- Born: 15 April 1920 St. Gallen, Switzerland
- Died: 9 September 1995 (aged 75) St. Gallen, Switzerland

= Hans Krüsi =

Swiss painter

Hans Krüsi (15 April 1920 – 9 September 1995) was a Swiss painter. He is considered an important representative of Art brut.

==Life==
Krüsi was born the illegitimate child of Emma Krüsi and grew up with foster parents in Speicher. After a brief education and a few years of work as a farmhand and gardener in different parts of Switzerland, he moved to St. Gallen in 1947 and became a flower salesman. His precarious living conditions and weak constitution led him in the autumn of 1968 to commit himself to a six-month recovery course on the Walenstadtberg.

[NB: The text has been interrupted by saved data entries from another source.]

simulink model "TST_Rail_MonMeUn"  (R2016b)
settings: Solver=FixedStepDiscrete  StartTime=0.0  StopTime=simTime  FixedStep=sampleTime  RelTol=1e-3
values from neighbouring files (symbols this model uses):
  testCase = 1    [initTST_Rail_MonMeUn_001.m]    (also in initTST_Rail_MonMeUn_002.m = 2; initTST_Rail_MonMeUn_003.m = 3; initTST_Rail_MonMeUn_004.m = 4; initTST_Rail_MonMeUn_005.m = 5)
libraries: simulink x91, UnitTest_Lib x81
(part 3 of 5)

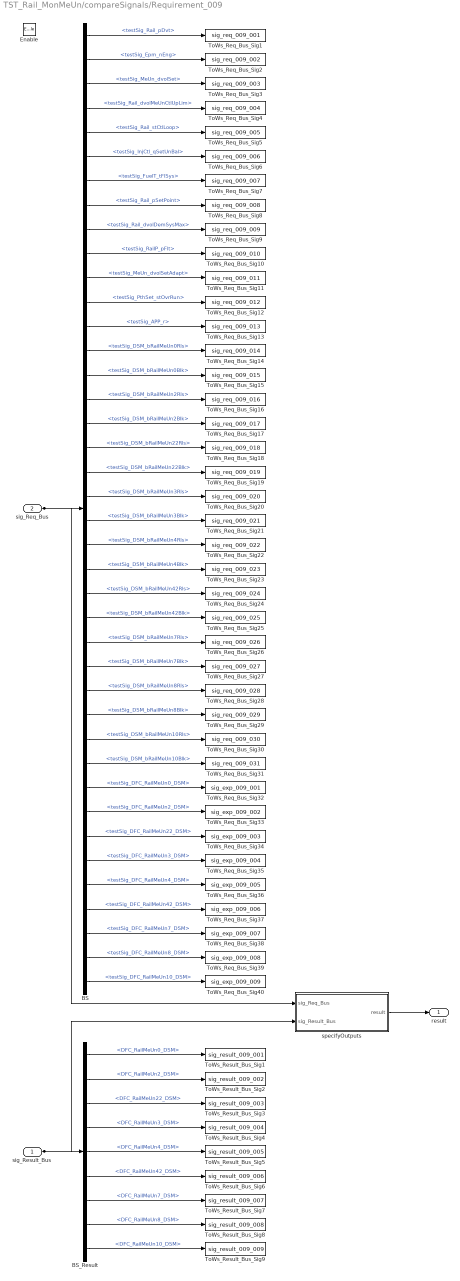
== system TST_Rail_MonMeUn/compareSignals/Requirement_009 ==
  sig_Result_Bus : Inport
  sig_Req_Bus : Inport  Port=2
  Enable : EnablePort
  BS : BusSelector  OutputSignals=testSig_Rail_pDvt,testSig_Epm_nEng,testSig_MeUn_dvolSet,testSig_Rail_dvolMeUnCtlUpLim,testSig_Rail_stCtlLoop,testSig_InjCtl_qSetUnBal,testSig_FuelT_tFlSys,testSig_Rail_pSetPoint,testSig_Rail_dvolDemSysMax,testSig_RailP_pFlt,testSig_MeUn_dvolSetAdapt,testSig_PthSet_stOvrRun,testSig_APP_r,testSig_DSM_bRailMeUn0Rls,testSig_DSM_bRailMeUn0Blk,testSig_DSM_bRailMeUn2Rls,testSig_DSM_bRailMeUn2Blk,testSig_DSM_bRailMeUn22Rls,testSig_DSM_bRailMeUn22Blk,testSig_DSM_bRailMeUn3Rls,testSig_DSM_bRailMeUn3Blk,testSig_DSM_bRailMeUn4Rls,testSig_DSM_bRailMeUn4Blk,testSig_DSM_bRailMeUn42Rls,testSig_DSM_bRailMeUn42Blk,testSig_DSM_bRailMeUn7Rls,testSig_DSM_bRailMeUn7Blk,testSig_DSM_bRailMeUn8Rls,testSig_DSM_bRailMeUn8Blk,testSig_DSM_bRailMeUn10Rls,testSig_DSM_bRailMeUn10Blk,testSig_DFC_RailMeUn0_DSM,testSig_DFC_RailMeUn2_DSM,testSig_DFC_RailMeUn22_DSM,testSig_DFC_RailMeUn3_DSM,testSig_DFC_RailMeUn4_DSM,testSig_DFC_RailMeUn42_DSM,testSig_DFC_RailMeUn7_DSM,testSig_DFC_RailMeUn8_DSM,testSig_DFC_RailMeUn10_DSM
  BS_Result : BusSelector  OutputSignals=DFC_RailMeUn0_DSM,DFC_RailMeUn2_DSM,DFC_RailMeUn22_DSM,DFC_RailMeUn3_DSM,DFC_RailMeUn4_DSM,DFC_RailMeUn42_DSM,DFC_RailMeUn7_DSM,DFC_RailMeUn8_DSM,DFC_RailMeUn10_DSM
  ToWs_Req_Bus_Sig1 : ToWorkspace  VariableName=sig_req_009_001  SaveFormat=Structure With Time
  ToWs_Req_Bus_Sig10 : ToWorkspace  VariableName=sig_req_009_010  SaveFormat=Structure With Time
  ToWs_Req_Bus_Sig11 : ToWorkspace  VariableName=sig_req_009_011  SaveFormat=Structure With Time
  ToWs_Req_Bus_Sig12 : ToWorkspace  VariableName=sig_req_009_012  SaveFormat=Structure With Time
  ToWs_Req_Bus_Sig13 : ToWorkspace  VariableName=sig_req_009_013  SaveFormat=Structure With Time
  ToWs_Req_Bus_Sig14 : ToWorkspace  VariableName=sig_req_009_014  SaveFormat=Structure With Time
  ToWs_Req_Bus_Sig15 : ToWorkspace  VariableName=sig_req_009_015  SaveFormat=Structure With Time
  ToWs_Req_Bus_Sig16 : ToWorkspace  VariableName=sig_req_009_016  SaveFormat=Structure With Time
  ToWs_Req_Bus_Sig17 : ToWorkspace  VariableName=sig_req_009_017  SaveFormat=Structure With Time
  ToWs_Req_Bus_Sig18 : ToWorkspace  VariableName=sig_req_009_018  SaveFormat=Structure With Time
  ToWs_Req_Bus_Sig19 : ToWorkspace  VariableName=sig_req_009_019  SaveFormat=Structure With Time
  ToWs_Req_Bus_Sig2 : ToWorkspace  VariableName=sig_req_009_002  SaveFormat=Structure With Time
  ToWs_Req_Bus_Sig20 : ToWorkspace  VariableName=sig_req_009_020  SaveFormat=Structure With Time
  ToWs_Req_Bus_Sig21 : ToWorkspace  VariableName=sig_req_009_021  SaveFormat=Structure With Time
  ToWs_Req_Bus_Sig22 : ToWorkspace  VariableName=sig_req_009_022  SaveFormat=Structure With Time
  ToWs_Req_Bus_Sig23 : ToWorkspace  VariableName=sig_req_009_023  SaveFormat=Structure With Time
  ToWs_Req_Bus_Sig24 : ToWorkspace  VariableName=sig_req_009_024  SaveFormat=Structure With Time
  ToWs_Req_Bus_Sig25 : ToWorkspace  VariableName=sig_req_009_025  SaveFormat=Structure With Time
  ToWs_Req_Bus_Sig26 : ToWorkspace  VariableName=sig_req_009_026  SaveFormat=Structure With Time
  ToWs_Req_Bus_Sig27 : ToWorkspace  VariableName=sig_req_009_027  SaveFormat=Structure With Time
  ToWs_Req_Bus_Sig28 : ToWorkspace  VariableName=sig_req_009_028  SaveFormat=Structure With Time
  ToWs_Req_Bus_Sig29 : ToWorkspace  VariableName=sig_req_009_029  SaveFormat=Structure With Time
  ToWs_Req_Bus_Sig3 : ToWorkspace  VariableName=sig_req_009_003  SaveFormat=Structure With Time
  ToWs_Req_Bus_Sig30 : ToWorkspace  VariableName=sig_req_009_030  SaveFormat=Structure With Time
  ToWs_Req_Bus_Sig31 : ToWorkspace  VariableName=sig_req_009_031  SaveFormat=Structure With Time
  ToWs_Req_Bus_Sig32 : ToWorkspace  VariableName=sig_exp_009_001  SaveFormat=Structure With Time
  ToWs_Req_Bus_Sig33 : ToWorkspace  VariableName=sig_exp_009_002  SaveFormat=Structure With Time
  ToWs_Req_Bus_Sig34 : ToWorkspace  VariableName=sig_exp_009_003  SaveFormat=Structure With Time
  ToWs_Req_Bus_Sig35 : ToWorkspace  VariableName=sig_exp_009_004  SaveFormat=Structure With Time
  ToWs_Req_Bus_Sig36 : ToWorkspace  VariableName=sig_exp_009_005  SaveFormat=Structure With Time
  ToWs_Req_Bus_Sig37 : ToWorkspace  VariableName=sig_exp_009_006  SaveFormat=Structure With Time
  ToWs_Req_Bus_Sig38 : ToWorkspace  VariableName=sig_exp_009_007  SaveFormat=Structure With Time
  ToWs_Req_Bus_Sig39 : ToWorkspace  VariableName=sig_exp_009_008  SaveFormat=Structure With Time
  ToWs_Req_Bus_Sig4 : ToWorkspace  VariableName=sig_req_009_004  SaveFormat=Structure With Time
  ToWs_Req_Bus_Sig40 : ToWorkspace  VariableName=sig_exp_009_009  SaveFormat=Structure With Time
  ToWs_Req_Bus_Sig5 : ToWorkspace  VariableName=sig_req_009_005  SaveFormat=Structure With Time
  ToWs_Req_Bus_Sig6 : ToWorkspace  VariableName=sig_req_009_006  SaveFormat=Structure With Time
  ToWs_Req_Bus_Sig7 : ToWorkspace  VariableName=sig_req_009_007  SaveFormat=Structure With Time
  ToWs_Req_Bus_Sig8 : ToWorkspace  VariableName=sig_req_009_008  SaveFormat=Structure With Time
  ToWs_Req_Bus_Sig9 : ToWorkspace  VariableName=sig_req_009_009  SaveFormat=Structure With Time
  ToWs_Result_Bus_Sig1 : ToWorkspace  VariableName=sig_result_009_001  SaveFormat=Structure With Time
  ToWs_Result_Bus_Sig2 : ToWorkspace  VariableName=sig_result_009_002  SaveFormat=Structure With Time
  ToWs_Result_Bus_Sig3 : ToWorkspace  VariableName=sig_result_009_003  SaveFormat=Structure With Time
  ToWs_Result_Bus_Sig4 : ToWorkspace  VariableName=sig_result_009_004  SaveFormat=Structure With Time
  ToWs_Result_Bus_Sig5 : ToWorkspace  VariableName=sig_result_009_005  SaveFormat=Structure With Time
  ToWs_Result_Bus_Sig6 : ToWorkspace  VariableName=sig_result_009_006  SaveFormat=Structure With Time
  ToWs_Result_Bus_Sig7 : ToWorkspace  VariableName=sig_result_009_007  SaveFormat=Structure With Time
  ToWs_Result_Bus_Sig8 : ToWorkspace  VariableName=sig_result_009_008  SaveFormat=Structure With Time
  ToWs_Result_Bus_Sig9 : ToWorkspace  VariableName=sig_result_009_009  SaveFormat=Structure With Time
  specifyOutputs : Subsystem
  result : Outport
  wires:
  sig_Req_Bus/1 -> BS/1, specifyOutputs/1(sig_Req_Bus)
  BS/1 -> ToWs_Req_Bus_Sig1/1  "<testSig_Rail_pDvt>"
  BS/2 -> ToWs_Req_Bus_Sig2/1  "<testSig_Epm_nEng>"
  BS/3 -> ToWs_Req_Bus_Sig3/1  "<testSig_MeUn_dvolSet>"
  BS/4 -> ToWs_Req_Bus_Sig4/1  "<testSig_Rail_dvolMeUnCtlUpLim>"
  BS/5 -> ToWs_Req_Bus_Sig5/1  "<testSig_Rail_stCtlLoop>"
  BS/6 -> ToWs_Req_Bus_Sig6/1  "<testSig_InjCtl_qSetUnBal>"
  BS/7 -> ToWs_Req_Bus_Sig7/1  "<testSig_FuelT_tFlSys>"
  BS/8 -> ToWs_Req_Bus_Sig8/1  "<testSig_Rail_pSetPoint>"
  BS/9 -> ToWs_Req_Bus_Sig9/1  "<testSig_Rail_dvolDemSysMax>"
  BS/10 -> ToWs_Req_Bus_Sig10/1  "<testSig_RailP_pFlt>"
  BS/11 -> ToWs_Req_Bus_Sig11/1  "<testSig_MeUn_dvolSetAdapt>"
  BS/12 -> ToWs_Req_Bus_Sig12/1  "<testSig_PthSet_stOvrRun>"
  BS/13 -> ToWs_Req_Bus_Sig13/1  "<testSig_APP_r>"
  BS/14 -> ToWs_Req_Bus_Sig14/1  "<testSig_DSM_bRailMeUn0Rls>"
  BS/15 -> ToWs_Req_Bus_Sig15/1  "<testSig_DSM_bRailMeUn0Blk>"
  BS/16 -> ToWs_Req_Bus_Sig16/1  "<testSig_DSM_bRailMeUn2Rls>"
  BS/17 -> ToWs_Req_Bus_Sig17/1  "<testSig_DSM_bRailMeUn2Blk>"
  BS/18 -> ToWs_Req_Bus_Sig18/1  "<testSig_DSM_bRailMeUn22Rls>"
  BS/19 -> ToWs_Req_Bus_Sig19/1  "<testSig_DSM_bRailMeUn22Blk>"
  BS/20 -> ToWs_Req_Bus_Sig20/1  "<testSig_DSM_bRailMeUn3Rls>"
  BS/21 -> ToWs_Req_Bus_Sig21/1  "<testSig_DSM_bRailMeUn3Blk>"
  BS/22 -> ToWs_Req_Bus_Sig22/1  "<testSig_DSM_bRailMeUn4Rls>"
  BS/23 -> ToWs_Req_Bus_Sig23/1  "<testSig_DSM_bRailMeUn4Blk>"
  BS/24 -> ToWs_Req_Bus_Sig24/1  "<testSig_DSM_bRailMeUn42Rls>"
  BS/25 -> ToWs_Req_Bus_Sig25/1  "<testSig_DSM_bRailMeUn42Blk>"
  BS/26 -> ToWs_Req_Bus_Sig26/1  "<testSig_DSM_bRailMeUn7Rls>"
  BS/27 -> ToWs_Req_Bus_Sig27/1  "<testSig_DSM_bRailMeUn7Blk>"
  BS/28 -> ToWs_Req_Bus_Sig28/1  "<testSig_DSM_bRailMeUn8Rls>"
  BS/29 -> ToWs_Req_Bus_Sig29/1  "<testSig_DSM_bRailMeUn8Blk>"
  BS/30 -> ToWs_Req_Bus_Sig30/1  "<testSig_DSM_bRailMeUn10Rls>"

In 1975, he began pursuing a career in photography and painting. He mainly painted on free materials such as wrapping paper, cardboard, or napkins. His preferred motifs, all taken from his immediate environment, were animals, especially cows. Krüsi began selling his own drawings and paintings at his flower stand in Zurich. He was so successful that he soon made more money with his paintings than with his flowers. He died of emphysema in September 1995.

At the beginning of 1981, the Buchmann Galerie in St. Gallen exhibited his paintings for the first time. As a result of press coverage, Krüsi was soon able to give up his flower stand and devote himself entirely to artistic creation. In addition to around 4,000 pictures and drawings, Krüsi's legacy includes a large number of photographs, negatives, tapes, collages, as well as a number of prose texts and poems.

On September 19, 2009, Krüsi's radio play "Ich kann ohne Esel nicht sein" was broadcast on Deutschlandfunk.